------ Material provided ------
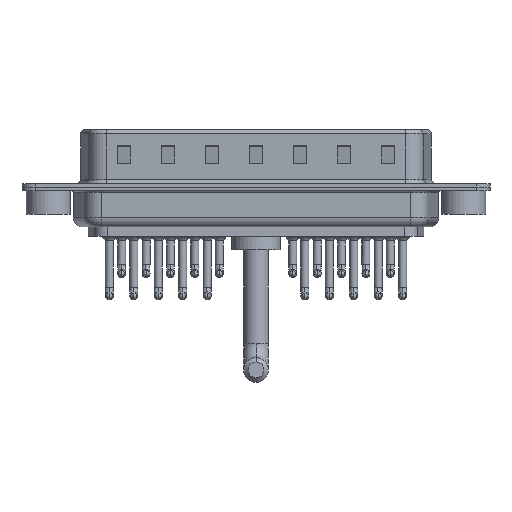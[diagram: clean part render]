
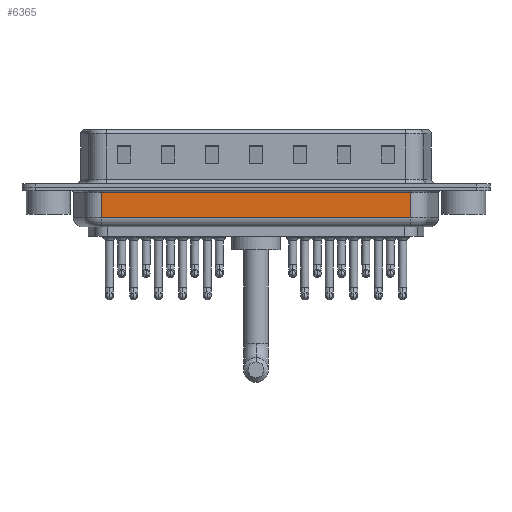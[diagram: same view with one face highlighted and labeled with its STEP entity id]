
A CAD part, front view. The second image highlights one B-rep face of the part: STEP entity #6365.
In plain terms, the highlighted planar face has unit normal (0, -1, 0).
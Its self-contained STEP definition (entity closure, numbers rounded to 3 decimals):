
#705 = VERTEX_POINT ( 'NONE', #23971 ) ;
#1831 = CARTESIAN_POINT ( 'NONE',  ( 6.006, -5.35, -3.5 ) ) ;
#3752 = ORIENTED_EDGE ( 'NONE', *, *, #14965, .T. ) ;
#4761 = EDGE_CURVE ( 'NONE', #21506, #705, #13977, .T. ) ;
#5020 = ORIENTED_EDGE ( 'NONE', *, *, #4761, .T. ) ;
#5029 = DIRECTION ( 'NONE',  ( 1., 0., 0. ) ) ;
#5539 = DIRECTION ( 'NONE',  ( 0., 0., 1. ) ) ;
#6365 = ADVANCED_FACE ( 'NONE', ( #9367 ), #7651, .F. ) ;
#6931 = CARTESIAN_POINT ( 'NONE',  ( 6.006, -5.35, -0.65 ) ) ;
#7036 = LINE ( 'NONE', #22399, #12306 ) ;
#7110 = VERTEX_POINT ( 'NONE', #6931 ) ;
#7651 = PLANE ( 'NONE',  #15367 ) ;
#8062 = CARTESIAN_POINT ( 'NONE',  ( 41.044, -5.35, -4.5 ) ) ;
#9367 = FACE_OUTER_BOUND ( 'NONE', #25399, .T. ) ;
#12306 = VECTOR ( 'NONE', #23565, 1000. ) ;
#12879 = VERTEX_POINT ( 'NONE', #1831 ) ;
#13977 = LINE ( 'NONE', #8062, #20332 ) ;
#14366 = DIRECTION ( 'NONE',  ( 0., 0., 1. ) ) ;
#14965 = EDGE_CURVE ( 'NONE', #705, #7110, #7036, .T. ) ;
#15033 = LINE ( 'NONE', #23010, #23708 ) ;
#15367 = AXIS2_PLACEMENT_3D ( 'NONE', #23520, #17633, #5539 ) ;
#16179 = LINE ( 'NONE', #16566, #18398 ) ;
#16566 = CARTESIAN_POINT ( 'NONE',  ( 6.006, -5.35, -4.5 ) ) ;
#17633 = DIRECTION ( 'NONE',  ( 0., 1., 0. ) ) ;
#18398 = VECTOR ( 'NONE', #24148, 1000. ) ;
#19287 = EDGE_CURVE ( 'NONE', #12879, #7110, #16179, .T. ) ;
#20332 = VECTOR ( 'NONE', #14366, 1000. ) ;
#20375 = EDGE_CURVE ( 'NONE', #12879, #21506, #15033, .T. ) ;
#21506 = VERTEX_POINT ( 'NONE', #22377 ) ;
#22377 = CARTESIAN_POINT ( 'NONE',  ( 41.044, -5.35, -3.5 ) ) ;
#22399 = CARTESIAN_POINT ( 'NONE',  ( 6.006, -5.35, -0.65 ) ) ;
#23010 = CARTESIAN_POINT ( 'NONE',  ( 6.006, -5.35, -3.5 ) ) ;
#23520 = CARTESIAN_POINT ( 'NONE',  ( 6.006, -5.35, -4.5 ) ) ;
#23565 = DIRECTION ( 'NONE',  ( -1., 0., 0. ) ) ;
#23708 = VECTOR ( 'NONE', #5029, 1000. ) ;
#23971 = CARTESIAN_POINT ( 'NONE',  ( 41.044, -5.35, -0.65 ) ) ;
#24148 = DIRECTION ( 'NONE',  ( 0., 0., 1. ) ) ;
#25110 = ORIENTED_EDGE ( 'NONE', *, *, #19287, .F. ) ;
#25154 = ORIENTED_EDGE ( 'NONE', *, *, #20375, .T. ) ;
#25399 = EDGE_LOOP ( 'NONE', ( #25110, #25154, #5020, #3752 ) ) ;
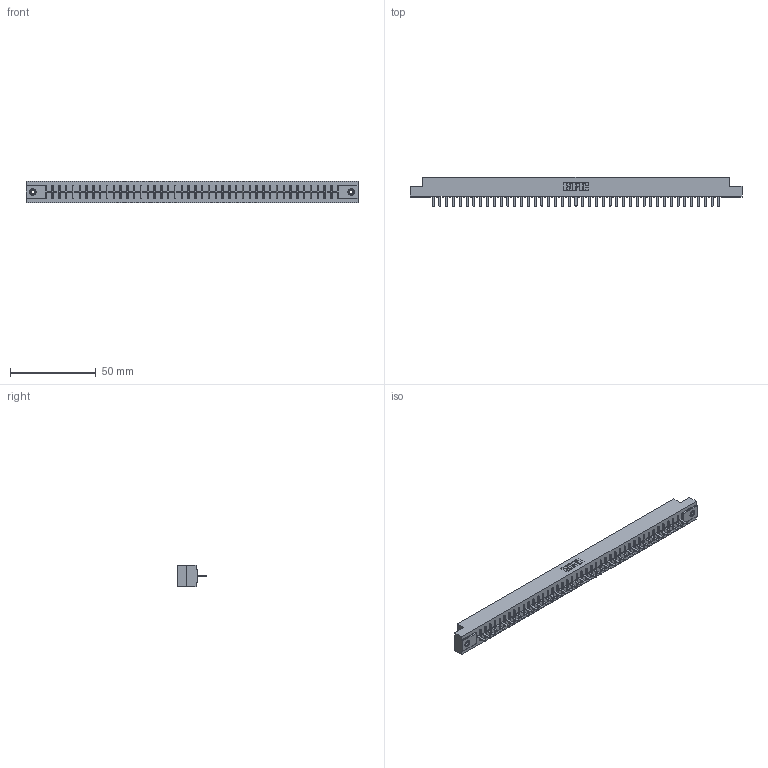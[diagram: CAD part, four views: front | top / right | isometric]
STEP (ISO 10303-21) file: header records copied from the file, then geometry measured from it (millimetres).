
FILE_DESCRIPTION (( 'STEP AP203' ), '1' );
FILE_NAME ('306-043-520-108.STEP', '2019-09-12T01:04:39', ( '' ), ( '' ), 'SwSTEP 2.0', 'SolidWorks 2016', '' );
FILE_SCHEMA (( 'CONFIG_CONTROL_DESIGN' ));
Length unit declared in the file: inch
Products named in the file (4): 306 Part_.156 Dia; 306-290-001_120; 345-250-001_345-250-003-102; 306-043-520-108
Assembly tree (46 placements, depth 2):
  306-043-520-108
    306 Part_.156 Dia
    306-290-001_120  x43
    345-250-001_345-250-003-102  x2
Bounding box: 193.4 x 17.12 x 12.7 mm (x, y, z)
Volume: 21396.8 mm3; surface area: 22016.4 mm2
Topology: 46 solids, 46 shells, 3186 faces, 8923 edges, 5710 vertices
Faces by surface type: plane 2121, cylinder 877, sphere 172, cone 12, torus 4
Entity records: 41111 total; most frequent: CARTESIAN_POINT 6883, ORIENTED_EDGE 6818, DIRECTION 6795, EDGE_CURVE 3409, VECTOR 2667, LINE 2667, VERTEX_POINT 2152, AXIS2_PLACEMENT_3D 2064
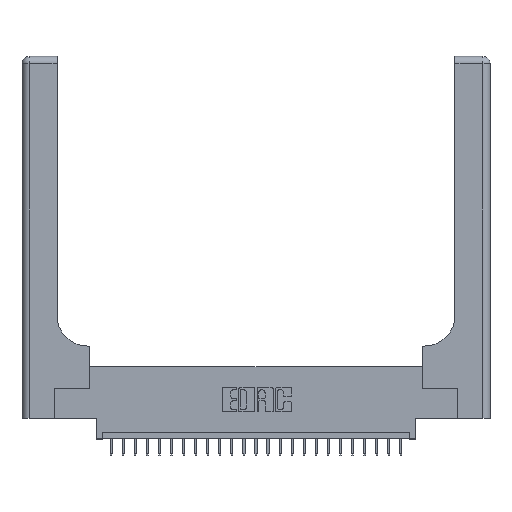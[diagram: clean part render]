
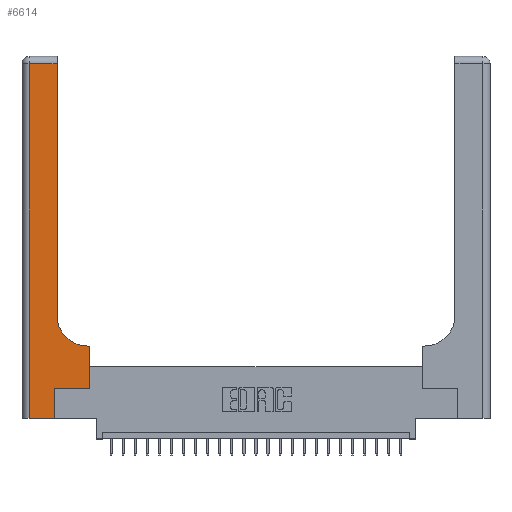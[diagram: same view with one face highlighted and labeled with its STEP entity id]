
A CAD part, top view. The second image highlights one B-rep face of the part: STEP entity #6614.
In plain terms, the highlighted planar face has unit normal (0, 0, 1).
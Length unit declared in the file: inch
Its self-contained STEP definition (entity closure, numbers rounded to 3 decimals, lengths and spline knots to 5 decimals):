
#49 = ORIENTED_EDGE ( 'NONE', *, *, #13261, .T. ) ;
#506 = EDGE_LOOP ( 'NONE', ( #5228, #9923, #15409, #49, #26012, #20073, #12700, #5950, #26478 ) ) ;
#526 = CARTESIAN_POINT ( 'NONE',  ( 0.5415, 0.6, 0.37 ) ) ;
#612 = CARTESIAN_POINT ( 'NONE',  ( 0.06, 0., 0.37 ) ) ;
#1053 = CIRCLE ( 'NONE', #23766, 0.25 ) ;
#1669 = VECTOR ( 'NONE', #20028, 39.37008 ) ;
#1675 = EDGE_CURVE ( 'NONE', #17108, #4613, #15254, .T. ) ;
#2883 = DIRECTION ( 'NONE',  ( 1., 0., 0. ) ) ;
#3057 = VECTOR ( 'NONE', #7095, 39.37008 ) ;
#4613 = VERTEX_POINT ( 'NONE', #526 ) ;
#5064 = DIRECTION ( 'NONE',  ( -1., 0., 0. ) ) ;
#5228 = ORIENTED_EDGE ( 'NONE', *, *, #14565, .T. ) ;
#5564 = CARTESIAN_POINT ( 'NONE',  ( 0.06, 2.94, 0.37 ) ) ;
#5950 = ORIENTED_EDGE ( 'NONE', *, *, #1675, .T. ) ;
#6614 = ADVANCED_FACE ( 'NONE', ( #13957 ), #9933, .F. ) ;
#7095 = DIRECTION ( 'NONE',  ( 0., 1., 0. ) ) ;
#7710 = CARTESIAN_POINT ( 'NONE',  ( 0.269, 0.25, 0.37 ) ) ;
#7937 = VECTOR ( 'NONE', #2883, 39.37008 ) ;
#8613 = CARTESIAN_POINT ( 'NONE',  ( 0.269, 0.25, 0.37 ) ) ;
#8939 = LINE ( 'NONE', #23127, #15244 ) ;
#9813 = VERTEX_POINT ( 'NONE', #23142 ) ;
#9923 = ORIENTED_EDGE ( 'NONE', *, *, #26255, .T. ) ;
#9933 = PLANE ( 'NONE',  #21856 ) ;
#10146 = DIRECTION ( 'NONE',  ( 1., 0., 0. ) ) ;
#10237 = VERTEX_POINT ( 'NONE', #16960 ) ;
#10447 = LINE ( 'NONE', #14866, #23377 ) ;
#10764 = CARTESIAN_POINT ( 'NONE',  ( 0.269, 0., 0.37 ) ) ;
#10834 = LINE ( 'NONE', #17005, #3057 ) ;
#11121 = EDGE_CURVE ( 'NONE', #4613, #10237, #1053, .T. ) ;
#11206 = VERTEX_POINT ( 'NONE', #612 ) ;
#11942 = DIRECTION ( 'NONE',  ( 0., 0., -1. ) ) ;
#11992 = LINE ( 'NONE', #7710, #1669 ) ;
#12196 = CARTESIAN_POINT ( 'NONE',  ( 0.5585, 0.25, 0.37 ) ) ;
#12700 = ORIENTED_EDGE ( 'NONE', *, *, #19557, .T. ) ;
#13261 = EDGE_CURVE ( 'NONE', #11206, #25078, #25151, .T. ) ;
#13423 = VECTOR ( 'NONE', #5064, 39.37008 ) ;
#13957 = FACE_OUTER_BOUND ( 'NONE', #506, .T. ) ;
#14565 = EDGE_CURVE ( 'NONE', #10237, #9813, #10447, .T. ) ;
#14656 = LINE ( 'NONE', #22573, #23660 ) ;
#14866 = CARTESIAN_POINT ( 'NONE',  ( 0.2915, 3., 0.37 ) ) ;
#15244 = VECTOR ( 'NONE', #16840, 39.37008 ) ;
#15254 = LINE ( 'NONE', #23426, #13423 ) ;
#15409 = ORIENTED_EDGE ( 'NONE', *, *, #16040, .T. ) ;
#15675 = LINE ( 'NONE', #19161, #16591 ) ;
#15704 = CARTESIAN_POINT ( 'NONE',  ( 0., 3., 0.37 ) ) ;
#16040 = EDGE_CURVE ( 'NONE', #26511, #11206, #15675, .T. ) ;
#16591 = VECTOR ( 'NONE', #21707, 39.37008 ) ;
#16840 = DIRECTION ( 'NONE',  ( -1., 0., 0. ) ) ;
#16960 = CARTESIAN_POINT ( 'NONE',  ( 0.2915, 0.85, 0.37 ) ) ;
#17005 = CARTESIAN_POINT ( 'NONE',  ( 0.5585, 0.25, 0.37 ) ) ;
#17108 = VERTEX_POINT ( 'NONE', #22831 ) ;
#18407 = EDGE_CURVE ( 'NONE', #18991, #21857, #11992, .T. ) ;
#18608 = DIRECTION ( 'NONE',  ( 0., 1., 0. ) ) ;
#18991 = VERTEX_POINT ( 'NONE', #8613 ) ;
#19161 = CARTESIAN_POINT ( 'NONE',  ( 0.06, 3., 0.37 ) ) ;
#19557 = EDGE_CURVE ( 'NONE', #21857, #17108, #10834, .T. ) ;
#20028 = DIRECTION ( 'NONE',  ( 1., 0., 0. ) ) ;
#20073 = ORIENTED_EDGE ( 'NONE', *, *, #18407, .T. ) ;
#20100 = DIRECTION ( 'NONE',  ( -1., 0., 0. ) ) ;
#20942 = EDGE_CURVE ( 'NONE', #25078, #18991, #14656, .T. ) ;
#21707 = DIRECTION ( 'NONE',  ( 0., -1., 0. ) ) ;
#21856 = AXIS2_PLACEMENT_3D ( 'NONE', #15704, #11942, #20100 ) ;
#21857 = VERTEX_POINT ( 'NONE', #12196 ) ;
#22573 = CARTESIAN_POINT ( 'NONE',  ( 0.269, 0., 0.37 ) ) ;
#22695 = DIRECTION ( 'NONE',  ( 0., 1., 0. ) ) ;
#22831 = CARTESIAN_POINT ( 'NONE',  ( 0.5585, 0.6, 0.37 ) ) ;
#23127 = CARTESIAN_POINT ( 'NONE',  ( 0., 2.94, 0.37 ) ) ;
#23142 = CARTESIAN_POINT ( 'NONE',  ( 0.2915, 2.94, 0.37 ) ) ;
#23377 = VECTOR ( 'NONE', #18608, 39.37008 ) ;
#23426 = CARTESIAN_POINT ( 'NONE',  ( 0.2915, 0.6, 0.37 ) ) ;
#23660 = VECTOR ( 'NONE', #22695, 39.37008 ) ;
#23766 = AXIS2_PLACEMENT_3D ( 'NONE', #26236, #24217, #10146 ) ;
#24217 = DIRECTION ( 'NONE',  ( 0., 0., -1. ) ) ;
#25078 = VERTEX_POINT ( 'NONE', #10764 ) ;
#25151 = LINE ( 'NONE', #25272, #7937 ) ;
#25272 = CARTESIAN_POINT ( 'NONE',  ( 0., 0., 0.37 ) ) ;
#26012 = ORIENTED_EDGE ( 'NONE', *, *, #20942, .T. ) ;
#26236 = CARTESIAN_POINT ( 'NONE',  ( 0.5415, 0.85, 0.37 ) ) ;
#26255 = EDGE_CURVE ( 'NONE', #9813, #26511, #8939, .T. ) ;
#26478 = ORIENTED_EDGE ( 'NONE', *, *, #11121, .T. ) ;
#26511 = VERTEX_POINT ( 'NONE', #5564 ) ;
------
Check each line of the records for the word "closure", and show the lines that contain it.

Its self-contained STEP definition (entity closure, numbers rounded to 3 decimals):
Its self-contained STEP definition (entity closure, numbers rounded to 3 decimals, lengths and spline knots to 5 decimals):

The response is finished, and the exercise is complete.